Tracking extent and impact of deforestation

Heavy industries are usually strategically located close to the raw materials while making the supply chain as effective as possible. Most of the assets are developed in areas with a high level of vegetation. Clearing large tracts of forest cover to pave way for road networks, clear spaces for setting up warehouses and workshop spaces poses a danger, in that the carbon sinks are cleared in large quantities.

Extraction of raw materials through methods such as open-pit mining similarly results in the clearing of a large territory. Such unsustainable practices pitch industrial players in legal battles with environmental conservation advocates and activists. According to FAO, deforestation is the second largest cause of climate change. It is estimated that forest cover, the size of a standard football field is lost to unsustainable deforestation every second.

Describing the industry as one of the least trusted, it is possible to draw parallels with the movie Avatar, which featured a company destructively mining a rare substance on a distant planet. It is a simple fact that mining is essential to human progress and has been for the last century and more. AI and IIoT are proving a crucial role in combating the negative impact of deforestation and ensure future development of heavy industries and their affiliated activities.

There are a number of ways in which AI and IIoT technology can be integrated into forest cover management in order to support the sustainable development of heavy industries. For instance, when an asset is set up in a remote location, forests may be cleared to pave way for development, while at the same time creating a loophole through which illegal deforestation and logging can be performed. In order to avoid this, some development in acoustic sensor technology is taking shape, which is able to detect any illegal felling of trees. A typical system that heavily relies on this approach to support forest conservation measures was developed by RFCx.
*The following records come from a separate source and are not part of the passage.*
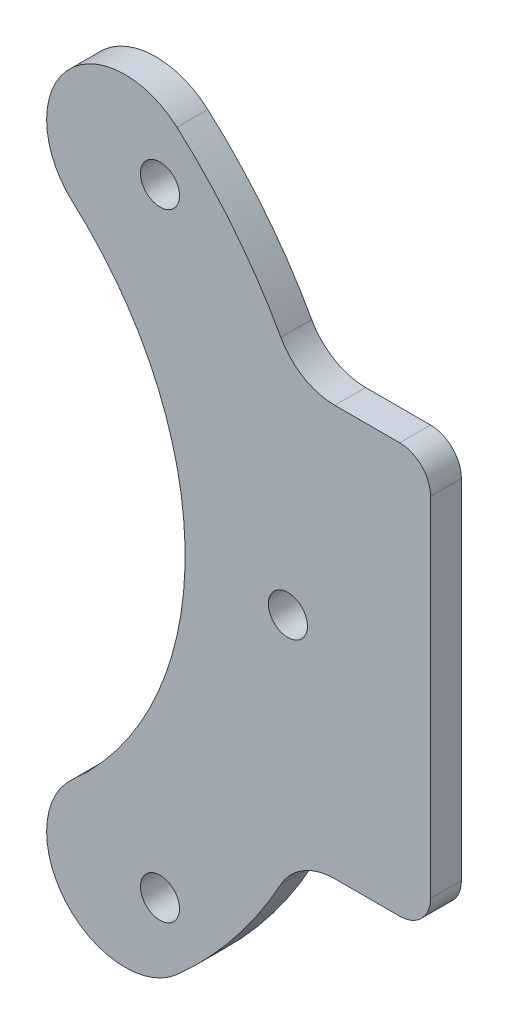
SolidWorks part; units mm, degrees
ref_plane "前视基准面" through (0, 0, 0) normal (0, 0, 1) x (1, 0, 0)
ref_plane "上视基准面" through (0, 0, 0) normal (0, 1, 0) x (1, 0, 0)
ref_plane "右视基准面" through (0, 0, 0) normal (1, 0, 0) x (0, 0, -1)
other "Configuration Table"
sketch "草图1" plane through (0, 0, 0) normal (0, 0, 1) x (1, 0, 0)
  circle A0 centre (0, 0) radius 42.5 construction
  circle A1 centre (0, 0) radius 47.75
  circle A2 centre (0, 0) radius 32.5
  circle A3 centre (0, 42.5) radius 1.9
  circle A4 centre (30.052, 30.052) radius 1.9
  circle A5 centre (42.5, 0) radius 1.9
  circle A6 centre (30.052, -30.052) radius 1.9
  circle A7 centre (0, -42.5) radius 1.9
  circle A8 centre (-30.052, -30.052) radius 1.9
  circle A9 centre (-42.5, 0) radius 1.9
  circle A10 centre (-30.052, 30.052) radius 1.9
  point P24 (0, 0)
  dimension "D1" = 85
  dimension "D2" = 95.5
  dimension "D3" = 65
  dimension "D4" = 3.8
  dimension "D6" = 45
  dimension "D5" = 8
extrude "凸台-拉伸1" add sketch "草图1" along normal blind 3
sketch "草图2" plane through (0, 0, 0) normal (0, 0, -1) x (-1, 0, 0)
  line L0 (-47.75, 0) -> (47.75, 0) construction
  circle A0 centre (-26.6461, 30) radius 7.625
  circle A1 centre (-26.6461, -30) radius 7.625
  circle A2 centre (0, 0) radius 47.75 construction
  circle A3 centre (0, 0) radius 32.5 construction
  circle A5 centre (0, 0) radius 47.75
  circle A6 centre (0, 0) radius 47.75
  circle M5 centre (0, 0) radius 47.75
  circle M6 centre (0, 0) radius 32.5
  circle M7 centre (0, 42.5) radius 1.9
  circle M11 centre (0, -42.5) radius 1.9
  circle M12 centre (30.052, -30.052) radius 1.9
  circle M13 centre (42.5, 0) radius 1.9
  circle M14 centre (30.052, 30.052) radius 1.9
  dimension "D1" = 0
  dimension "D2" = 60
extrude "切除-拉伸1" cut sketch "草图2" against normal blind 3 contours L0 A6 A0 M6 M13 M7 M14 | L0 A1 M6 M5 M13 M12 M11
sketch "草图3" plane through (0, 0, 0) normal (0, 0, -1) x (-1, 0, 0)
  line L0 (-56.3827, 19.95) -> (-56.3827, -19.95)
  line L1 (0, 0) -> (-56.3827, 0) construction
  line L2 (-56.3827, 19.95) -> (-43.3827, 19.95)
  line L3 (-56.3827, -19.95) -> (-43.3827, -19.95)
  arc A4 (-21.5825, 24.2991) -> (-31.7097, 35.7009) centre (-26.6461, 30) ccw
  arc A5 (-31.7097, 35.7009) -> (-31.7097, -35.7009) centre (0, 0) ccw
  arc A6 (-31.7097, -35.7009) -> (-21.5825, -24.2991) centre (-26.6461, -30) ccw
  arc A7 (-21.5825, 24.2991) -> (-21.5825, -24.2991) centre (0, 0) ccw
  arc A8 (-21.5825, 24.2991) -> (-31.7097, 35.7009) centre (-26.6461, 30) ccw
  arc A9 (-31.7097, 35.7009) -> (-31.7097, -35.7009) centre (0, 0) ccw
  arc A10 (-31.7097, -35.7009) -> (-21.5825, -24.2991) centre (-26.6461, -30) ccw
  arc A11 (-21.5825, 24.2991) -> (-21.5825, -24.2991) centre (0, 0) ccw
  arc M12 (-31.7097, 35.7009) -> (-31.7097, -35.7009) centre (0, 0) ccw
  dimension "D2" = 39.9
  dimension "D3" = 13
  dimension "D1" = 0
extrude "凸台-拉伸2" add sketch "草图3" against normal blind 3 contours L1 L2 L0 M12 | A9 L1 L0 L3
fillet "圆角1" radius 3 2 edges at (56.3827, -19.95, 1.5) (56.3827, 19.95, 1.5)
fillet "圆角2" radius 6 2 edges at (43.3827, -19.95, 1.5) (43.3827, 19.95, 1.5)

Drone technology, coupled with satellite imagery can be used as a tool to study forest covers, before, during and after the establishment of industrial practices within a forested zone. This allows the stakeholders to specifically identify the size of the forests, identify the dominant species and assess the growth patterns of forests. Through this method, they are able to gain an insight on how much cover is lost over a given project, they can then analyse the data collected to systematically decide on expanding or downscaling their operational practices.

Other companies are advancing AI and IIoT technology to incorporate humidity, soil condition and moisture level sensors in forests to gain real-time insight on the forests’ health. Through this data, we are able to analyse and predict events such as forest fires, drought or the general response of forests to changes in the size and intensity of forest covers.

Heavy industries similarly emit gases and particulates to the environment and can be dispersed over a wide area, way beyond the setup of the industrial establishment. These emissions mix with rainwater and atmospheric humidity, falling down as rain and can adversely affect vegetation as a result of acidic rain. The impacts of such an eventuality can result in stunted growth of forest cover and ultimately the death of some tree species. As such, integration of smart emission control mechanisms as well as control devices into industrial processes will avert possible deforestation.

Assessment of industrial energy needs

Heavy industries are culprits when it comes to energy consumption. The need for energy-saving approaches is growing as energy needs are directly linked to the profitability of companies. The capabilities of AI and IIoT in shaping the operations can be categorised based on energy needs, smart grids, handling power fluctuations and advancing energy storage strategies.

Smart grids integrate machine learning to identify energy consumption patterns during the various times of the day and perform autonomous energy audits for industrial plants. By applying a broad range of technologies, industries are now able to collect data in real-time, perform analytics and develop a consumption model. The model is then used to optimise energy use and diversify the supply sources, to meet every specific aspect of operations. An advanced AI and IIoT platforms will allow heavy industry managers to switch between renewable energy sources. During peak hours, when the industry is operating at full capacity, smart grids will maximise usage of power from a renewable energy source, cutting down the need for power from conventional sources such as coal-powered plants or diesel generators.

The growing production calls for the utmost conservation of energy resources. This has led to a big investment in the development of renewable energy technologies, namely wind and solar, which may at times produce excess energy during their peak operating time. The excess energy has to be stored for future use when generation from these sources are at a minimum. AI and IIoT help heavy industries to study generation and usage patterns, perform forecasts on renewable energy availability and perform predictive maintenance on storage and distribution sources themselves.